Create separate GithubActions jobs for each test suite
Current runs on CI as split on per GHC basis. However, all test suites are being executed in parallel in the same run, which has some serious drawbacks:
- Output of test suites is interleaved, which can be very confusing
- There are thousands lines of output which makes it hard to find a failing test
- It is hard to infer which test suite the test failure is coming from
The ideal solution to this would be to execute each test suite as a parallel job that would be clearly visible in the UI. The acceptance requirements for this task are:
- All test suites should run in parallel
- All test suites should be executed and only after the execution is done the decision is made whether to pass or fail CI. Naturally, a failure of any test suite would result in the whole build failure
- Addition of a test suite should not go unnoticed. In other words CI should not be allowed to pass if there is a test suite in the repo that has not been executed. I believe
hie.yamlcould be leveraged somehow to enforce this, but there are might be other ways by usingcabalor something.
FYI, nix provides separate logs for each test suite, so now that we have hydra builds working again this could be considered a solution.
so now that we have hydra builds working again this could be considered a solution.
Nope, I do not want to rely on Hydra. The fact that it is working now does not give me any confidence that it will continue working into the future.
Moreover switching completely to Hydra is not a good idea at all, since then we are stuck with a nix only build setup without having a cabal only set up. Which is in fact important to test because:
- We need to make sure people are not required to use nix in order to use ledger. Especially considering that we have special C dependencies in the form of libsodium, blst and secp.

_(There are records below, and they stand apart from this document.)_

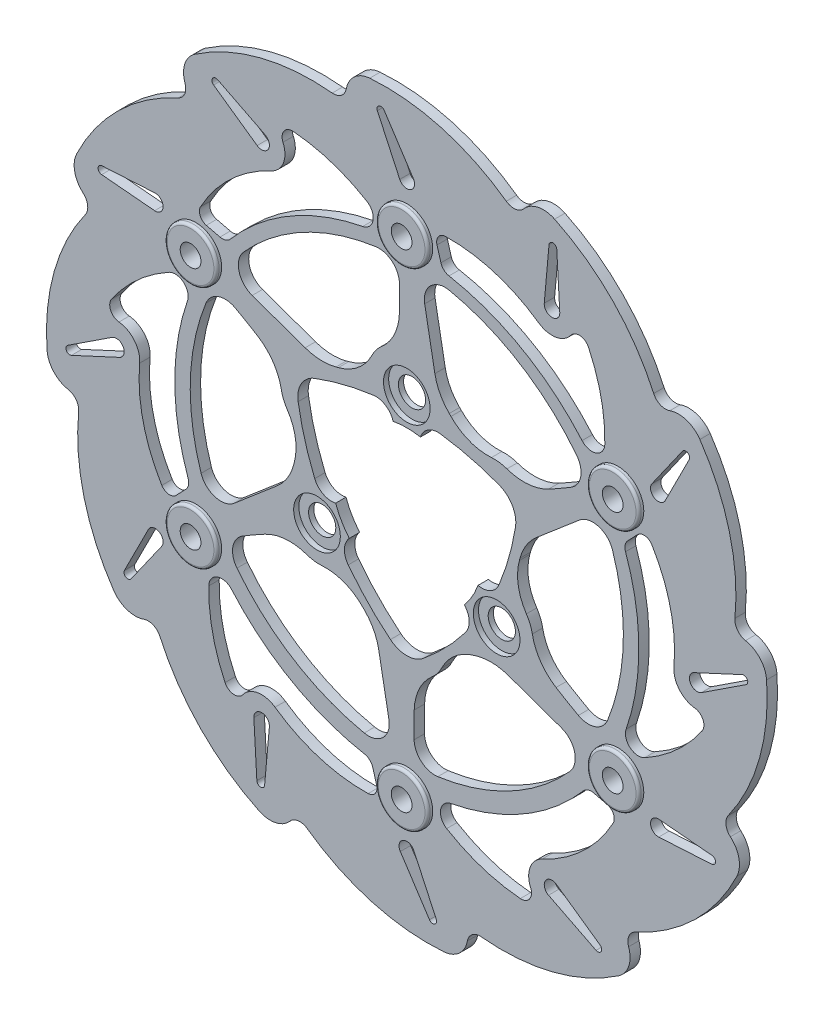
from build123d import *

# Parameters (mm, degrees)
ESQUISSE1_R         = 139.5
ESQUISSE1_R_2       = 5.25
ESQUISSE1_R_3       = 29.15
EXTRUSION1_DEPTH    = 4
ESQUISSE2_R         = 4
EXTRUSION2_DEPTH    = 10
EXTRUSION3_START    = 2
ESQUISSE3_R         = 10
ESQUISSE3_R_2       = 4
EXTRUSION3_DEPTH    = 2
CONG_1_R            = 1
EXTRUSION4_DEPTH    = 10
EXTRUSION5_START    = -10
EXTRUSION5_DEPTH    = 10
ESQUISSE6_R         = 9
EXTRUSION6_DEPTH    = 2
EXTRUSION7_DEPTH    = 10
ESQUISSE9_OUTSIDE_W = 359.922
ESQUISSE9_OUTSIDE_H = 359.922
EXTRUSION8_DEPTH    = 10
EXTRUSION9_DEPTH    = 10


with BuildPart() as part:
    # Esquisse1 → Extrusion1 (new body)
    with BuildSketch(Plane.XY):
        Circle(ESQUISSE1_R)
        with Locations((0, 40)):
            Circle(ESQUISSE1_R_2, mode=Mode.SUBTRACT)
        with Locations((-34.641016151, -20)):
            Circle(ESQUISSE1_R_2, mode=Mode.SUBTRACT)
        with Locations((34.641016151, -20)):
            Circle(ESQUISSE1_R_2, mode=Mode.SUBTRACT)
        Circle(ESQUISSE1_R_3, mode=Mode.SUBTRACT)
    extrude(amount=EXTRUSION1_DEPTH)

    # Esquisse2 → Extrusion2 (cut)
    with BuildSketch(Plane.XY.offset(4)):
        with Locations((0, 94)):
            Circle(ESQUISSE2_R)
        with Locations((81.406387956, 47)):
            Circle(ESQUISSE2_R)
        with Locations((81.406387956, -47)):
            Circle(ESQUISSE2_R)
        with Locations((0, -94)):
            Circle(ESQUISSE2_R)
        with Locations((-81.406387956, -47)):
            Circle(ESQUISSE2_R)
        with Locations((-81.406387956, 47)):
            Circle(ESQUISSE2_R)
    extrude(amount=-EXTRUSION2_DEPTH, mode=Mode.SUBTRACT)

    # Esquisse3 → Extrusion3 (add)
    # profile 1 of 6: a face of its own
    with BuildSketch(Plane.XY.offset(4).offset(EXTRUSION3_START)):
        with Locations((0, 94)):
            Circle(ESQUISSE3_R)
        with Locations((0, 94)):
            Circle(ESQUISSE3_R_2, mode=Mode.SUBTRACT)
    # profile 2 of 6: a face of its own
    with BuildSketch(Plane.XY.offset(4).offset(EXTRUSION3_START)):
        with Locations((81.406387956, 47)):
            Circle(ESQUISSE3_R)
        with Locations((81.406387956, 47)):
            Circle(ESQUISSE3_R_2, mode=Mode.SUBTRACT)
    # profile 3 of 6: a face of its own
    with BuildSketch(Plane.XY.offset(4).offset(EXTRUSION3_START)):
        with Locations((81.406387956, -47)):
            Circle(ESQUISSE3_R)
        with Locations((81.406387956, -47)):
            Circle(ESQUISSE3_R_2, mode=Mode.SUBTRACT)
    # profile 4 of 6: a face of its own
    with BuildSketch(Plane.XY.offset(4).offset(EXTRUSION3_START)):
        with Locations((0, -94)):
            Circle(ESQUISSE3_R)
        with Locations((0, -94)):
            Circle(ESQUISSE3_R_2, mode=Mode.SUBTRACT)
    # profile 5 of 6: a face of its own
    with BuildSketch(Plane.XY.offset(4).offset(EXTRUSION3_START)):
        with Locations((-81.406387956, -47)):
            Circle(ESQUISSE3_R)
        with Locations((-81.406387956, -47)):
            Circle(ESQUISSE3_R_2, mode=Mode.SUBTRACT)
    # profile 6 of 6: a face of its own
    with BuildSketch(Plane.XY.offset(4).offset(EXTRUSION3_START)):
        with Locations((-81.406387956, 47)):
            Circle(ESQUISSE3_R)
        with Locations((-81.406387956, 47)):
            Circle(ESQUISSE3_R_2, mode=Mode.SUBTRACT)
    extrude(amount=-EXTRUSION3_DEPTH)

    # Cong_1
    cong_1_edges = [part.edges().sort_by_distance(p)[0] for p in [
        (-10, 94, 6),
        (71.406387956, 47, 6),
        (71.406387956, -47, 6),
        (-10, -94, 6),
        (-91.406387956, -47, 6),
        (-91.406387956, 47, 6),
    ]]
    fillet(cong_1_edges, radius=CONG_1_R)

    # Esquisse4 → Extrusion4 (cut)
    with BuildSketch(Plane.XY.offset(4)):
        with BuildLine():
            Line((-8.745313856, 130.822047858), (2.509372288, 113.644095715))
            ThreePointArc((2.509372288, 113.644095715), (1.456928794, 109.377528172), (-2.721636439, 110.737979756))
            Line((-2.721636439, 110.737979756), (-11.360818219, 129.368989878))
            ThreePointArc((-11.360818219, 129.368989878), (-10.728464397, 131.311235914), (-8.745313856, 130.822047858))
        make_face()
        with BuildLine():
            Line((57.837359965, 117.667873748), (58.995228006, 97.163987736))
            ThreePointArc((58.995228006, 97.163987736), (55.950501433, 93.995253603), (53.011983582, 97.262721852))
            Line((53.011983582, 97.262721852), (54.845737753, 117.717240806))
            ThreePointArc((54.845737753, 117.717240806), (56.364495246, 119.083098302), (57.837359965, 117.667873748))
        make_face()
        with BuildLine():
            Line((108.922559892, 72.984687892), (99.673360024, 54.648867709))
            ThreePointArc((99.673360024, 54.648867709), (95.452182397, 53.427026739), (94.541085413, 57.725996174))
            Line((94.541085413, 57.725996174), (106.356422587, 74.523252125))
            ThreePointArc((106.356422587, 74.523252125), (108.354633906, 74.946740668), (108.922559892, 72.984687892))
        make_face()
        with BuildLine():
            Line((130.822047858, 8.745313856), (113.644095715, -2.509372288))
            ThreePointArc((113.644095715, -2.509372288), (109.377528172, -1.456928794), (110.737979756, 2.721636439))
            Line((110.737979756, 2.721636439), (129.368989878, 11.360818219))
            ThreePointArc((129.368989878, 11.360818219), (131.311235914, 10.728464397), (130.822047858, 8.745313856))
        make_face()
        with BuildLine():
            Line((117.667873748, -57.837359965), (97.163987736, -58.995228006))
            ThreePointArc((97.163987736, -58.995228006), (93.995253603, -55.950501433), (97.262721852, -53.011983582))
            Line((97.262721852, -53.011983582), (117.717240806, -54.845737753))
            ThreePointArc((117.717240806, -54.845737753), (119.083098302, -56.364495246), (117.667873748, -57.837359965))
        make_face()
        with BuildLine():
            Line((72.984687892, -108.922559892), (54.648867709, -99.673360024))
            ThreePointArc((54.648867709, -99.673360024), (53.427026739, -95.452182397), (57.725996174, -94.541085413))
            Line((57.725996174, -94.541085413), (74.523252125, -106.356422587))
            ThreePointArc((74.523252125, -106.356422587), (74.946740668, -108.354633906), (72.984687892, -108.922559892))
        make_face()
        with BuildLine():
            Line((8.745313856, -130.822047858), (-2.509372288, -113.644095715))
            ThreePointArc((-2.509372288, -113.644095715), (-1.456928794, -109.377528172), (2.721636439, -110.737979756))
            Line((2.721636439, -110.737979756), (11.360818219, -129.368989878))
            ThreePointArc((11.360818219, -129.368989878), (10.728464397, -131.311235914), (8.745313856, -130.822047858))
        make_face()
        with BuildLine():
            Line((-57.837359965, -117.667873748), (-58.995228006, -97.163987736))
            ThreePointArc((-58.995228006, -97.163987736), (-55.950501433, -93.995253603), (-53.011983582, -97.262721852))
            Line((-53.011983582, -97.262721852), (-54.845737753, -117.717240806))
            ThreePointArc((-54.845737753, -117.717240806), (-56.364495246, -119.083098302), (-57.837359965, -117.667873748))
        make_face()
        with BuildLine():
            Line((-108.922559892, -72.984687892), (-99.673360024, -54.648867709))
            ThreePointArc((-99.673360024, -54.648867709), (-95.452182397, -53.427026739), (-94.541085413, -57.725996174))
            Line((-94.541085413, -57.725996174), (-106.356422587, -74.523252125))
            ThreePointArc((-106.356422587, -74.523252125), (-108.354633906, -74.946740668), (-108.922559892, -72.984687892))
        make_face()
        with BuildLine():
            Line((-130.822047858, -8.745313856), (-113.644095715, 2.509372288))
            ThreePointArc((-113.644095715, 2.509372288), (-109.377528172, 1.456928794), (-110.737979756, -2.721636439))
            Line((-110.737979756, -2.721636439), (-129.368989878, -11.360818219))
            ThreePointArc((-129.368989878, -11.360818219), (-131.311235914, -10.728464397), (-130.822047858, -8.745313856))
        make_face()
        with BuildLine():
            Line((-117.667873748, 57.837359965), (-97.163987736, 58.995228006))
            ThreePointArc((-97.163987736, 58.995228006), (-93.995253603, 55.950501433), (-97.262721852, 53.011983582))
            Line((-97.262721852, 53.011983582), (-117.717240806, 54.845737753))
            ThreePointArc((-117.717240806, 54.845737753), (-119.083098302, 56.364495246), (-117.667873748, 57.837359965))
        make_face()
        with BuildLine():
            Line((-72.984687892, 108.922559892), (-54.648867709, 99.673360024))
            ThreePointArc((-54.648867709, 99.673360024), (-53.427026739, 95.452182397), (-57.725996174, 94.541085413))
            Line((-57.725996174, 94.541085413), (-74.523252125, 106.356422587))
            ThreePointArc((-74.523252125, 106.356422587), (-74.946740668, 108.354633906), (-72.984687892, 108.922559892))
        make_face()
    extrude(amount=-EXTRUSION4_DEPTH, mode=Mode.SUBTRACT)

    # Esquisse5 → Extrusion5 (cut)
    with BuildSketch(Plane.XY.offset(4).offset(EXTRUSION5_START)):
        with BuildLine():
            ThreePointArc((41.915881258, 16.910965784), (40.703193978, 23.5), (35.6032666, 27.844735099))
            ThreePointArc((35.6032666, 27.844735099), (24.424767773, 31.368672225), (12.910728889, 33.560447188))
            ThreePointArc((12.910728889, 33.560447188), (8.198336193, 32.507401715), (5.267266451, 28.67016575))
            ThreePointArc((5.267266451, 28.67016575), (0, 29.15), (-5.267266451, 28.67016575))
            ThreePointArc((-5.267266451, 28.67016575), (-8.198336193, 32.507401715), (-12.910728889, 33.560447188))
            ThreePointArc((-12.910728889, 33.560447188), (-24.424767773, 31.368672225), (-35.6032666, 27.844735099))
            ThreePointArc((-35.6032666, 27.844735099), (-40.703193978, 23.5), (-41.915881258, 16.910965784))
            ThreePointArc((-41.915881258, 16.910965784), (-39.378450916, 5.46813326), (-35.519564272, -5.599204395))
            ThreePointArc((-35.519564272, -5.599204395), (-32.251403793, -9.153733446), (-27.462725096, -9.77349632))
            ThreePointArc((-27.462725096, -9.77349632), (-25.24464052, -14.575), (-22.195458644, -18.89666943))
            ThreePointArc((-22.195458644, -18.89666943), (-24.0530676, -23.35366827), (-22.608835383, -27.961242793))
            ThreePointArc((-22.608835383, -27.961242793), (-14.953683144, -36.836805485), (-6.312614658, -44.755700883))
            ThreePointArc((-6.312614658, -44.755700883), (0, -47), (6.312614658, -44.755700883))
            ThreePointArc((6.312614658, -44.755700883), (14.953683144, -36.836805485), (22.608835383, -27.961242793))
            ThreePointArc((22.608835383, -27.961242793), (24.0530676, -23.35366827), (22.195458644, -18.89666943))
            ThreePointArc((22.195458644, -18.89666943), (25.24464052, -14.575), (27.462725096, -9.77349632))
            ThreePointArc((27.462725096, -9.77349632), (32.251403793, -9.153733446), (35.519564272, -5.599204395))
            ThreePointArc((35.519564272, -5.599204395), (39.378450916, 5.46813326), (41.915881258, 16.910965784))
        make_face()
    extrude(amount=EXTRUSION5_DEPTH, mode=Mode.SUBTRACT)

    # Esquisse6 → Extrusion6 (cut)
    with BuildSketch(Plane.XY.offset(4)):
        with Locations((0, 40)):
            Circle(ESQUISSE6_R)
        with Locations((34.641016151, -20)):
            Circle(ESQUISSE6_R)
        with Locations((-34.641016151, -20)):
            Circle(ESQUISSE6_R)
    extrude(amount=-EXTRUSION6_DEPTH, mode=Mode.SUBTRACT)

    # Esquisse8 → Extrusion7 (cut)
    with BuildSketch(Plane.XY.offset(4)):
        with BuildLine():
            Line((11.64065866, 96.017744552), (13.160752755, 90.81897987))
            ThreePointArc((13.160752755, 90.81897987), (14.318888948, 88.973116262), (16.272727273, 88.00822886))
            ThreePointArc((16.272727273, 88.00822886), (44.425451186, 77.695748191), (67.59267961, 58.664125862))
            ThreePointArc((67.59267961, 58.664125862), (73.070549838, 57.239954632), (76.36778456, 61.840342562))
            ThreePointArc((76.36778456, 61.840342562), (74.932894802, 76.799033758), (70.101234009, 91.028454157))
            ThreePointArc((70.101234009, 91.028454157), (66.865084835, 93.295306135), (63.260705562, 91.676748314))
            ThreePointArc((63.260705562, 91.676748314), (57.463489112, 88.114631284), (50.829800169, 89.628093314))
            ThreePointArc((50.829800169, 89.628093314), (33.74439349, 97.943284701), (14.915640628, 100.498983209))
            ThreePointArc((14.915640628, 100.498983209), (12.174200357, 99.06515287), (11.64065866, 96.017744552))
        make_face()
        with BuildLine():
            Line((88.974135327, 37.927766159), (85.23192009, 34.011943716))
            ThreePointArc((85.23192009, 34.011943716), (84.212423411, 32.086036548), (84.353725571, 29.911519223))
            ThreePointArc((84.353725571, 29.911519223), (89.499217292, 0.374304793), (84.600963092, -29.204914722))
            ThreePointArc((84.600963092, -29.204914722), (86.106529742, -34.660975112), (91.739199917, -35.216270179))
            ThreePointArc((91.739199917, -35.216270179), (103.976361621, -26.494273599), (113.883570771, -15.19522241))
            ThreePointArc((113.883570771, -15.19522241), (114.228647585, -11.259209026), (111.024745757, -8.947003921))
            ThreePointArc((111.024745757, -8.947003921), (105.041253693, -5.707525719), (103.035105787, 0.794148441))
            ThreePointArc((103.035105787, 0.794148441), (101.693569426, 19.748140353), (94.492492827, 37.332167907))
            ThreePointArc((94.492492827, 37.332167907), (91.880039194, 38.989409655), (88.974135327, 37.927766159))
        make_face()
        with BuildLine():
            Line((77.333476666, -58.089978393), (72.071167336, -56.807036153))
            ThreePointArc((72.071167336, -56.807036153), (69.893534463, -56.887079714), (68.080998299, -58.096709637))
            ThreePointArc((68.080998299, -58.096709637), (45.073766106, -77.321443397), (17.008283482, -87.869040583))
            ThreePointArc((17.008283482, -87.869040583), (13.035979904, -91.900929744), (15.371415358, -97.056612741))
            ThreePointArc((15.371415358, -97.056612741), (29.043466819, -103.293307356), (43.782336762, -106.223676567))
            ThreePointArc((43.782336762, -106.223676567), (47.363562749, -104.554515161), (47.764040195, -100.623752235))
            ThreePointArc((47.764040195, -100.623752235), (47.577764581, -93.822157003), (52.205305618, -88.833944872))
            ThreePointArc((52.205305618, -88.833944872), (67.949175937, -78.195144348), (79.5768522, -63.166815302))
            ThreePointArc((79.5768522, -63.166815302), (79.705838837, -60.075743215), (77.333476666, -58.089978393))
        make_face()
        with BuildLine():
            Line((-11.64065866, -96.017744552), (-13.160752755, -90.81897987))
            ThreePointArc((-13.160752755, -90.81897987), (-14.318888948, -88.973116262), (-16.272727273, -88.00822886))
            ThreePointArc((-16.272727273, -88.00822886), (-44.425451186, -77.695748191), (-67.59267961, -58.664125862))
            ThreePointArc((-67.59267961, -58.664125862), (-73.070549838, -57.239954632), (-76.36778456, -61.840342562))
            ThreePointArc((-76.36778456, -61.840342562), (-74.932894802, -76.799033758), (-70.101234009, -91.028454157))
            ThreePointArc((-70.101234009, -91.028454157), (-66.865084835, -93.295306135), (-63.260705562, -91.676748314))
            ThreePointArc((-63.260705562, -91.676748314), (-57.463489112, -88.114631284), (-50.829800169, -89.628093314))
            ThreePointArc((-50.829800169, -89.628093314), (-33.74439349, -97.943284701), (-14.915640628, -100.498983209))
            ThreePointArc((-14.915640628, -100.498983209), (-12.174200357, -99.06515287), (-11.64065866, -96.017744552))
        make_face()
        with BuildLine():
            Line((-88.974135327, -37.927766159), (-85.23192009, -34.011943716))
            ThreePointArc((-85.23192009, -34.011943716), (-84.212423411, -32.086036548), (-84.353725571, -29.911519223))
            ThreePointArc((-84.353725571, -29.911519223), (-89.499217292, -0.374304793), (-84.600963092, 29.204914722))
            ThreePointArc((-84.600963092, 29.204914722), (-86.106529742, 34.660975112), (-91.739199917, 35.216270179))
            ThreePointArc((-91.739199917, 35.216270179), (-103.976361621, 26.494273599), (-113.883570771, 15.19522241))
            ThreePointArc((-113.883570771, 15.19522241), (-114.228647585, 11.259209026), (-111.024745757, 8.947003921))
            ThreePointArc((-111.024745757, 8.947003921), (-105.041253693, 5.707525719), (-103.035105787, -0.794148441))
            ThreePointArc((-103.035105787, -0.794148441), (-101.693569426, -19.748140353), (-94.492492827, -37.332167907))
            ThreePointArc((-94.492492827, -37.332167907), (-91.880039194, -38.989409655), (-88.974135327, -37.927766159))
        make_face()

- nix caches test runs, which is not good for property tests. We want to run all test suites on every run, despite that it takes a bit longer.
I wasn't meaning to suggest that we switch over to using nix exclusively. I was just thinking that if we have a test failure, and the output is garbled in the GH build, we could always look at the nix logs as a backup. I think it would be rare that the tests would fail in GH and not on Hydra.
I'm happy to do the improvement to the GH builds, though, since you feel it's worth it.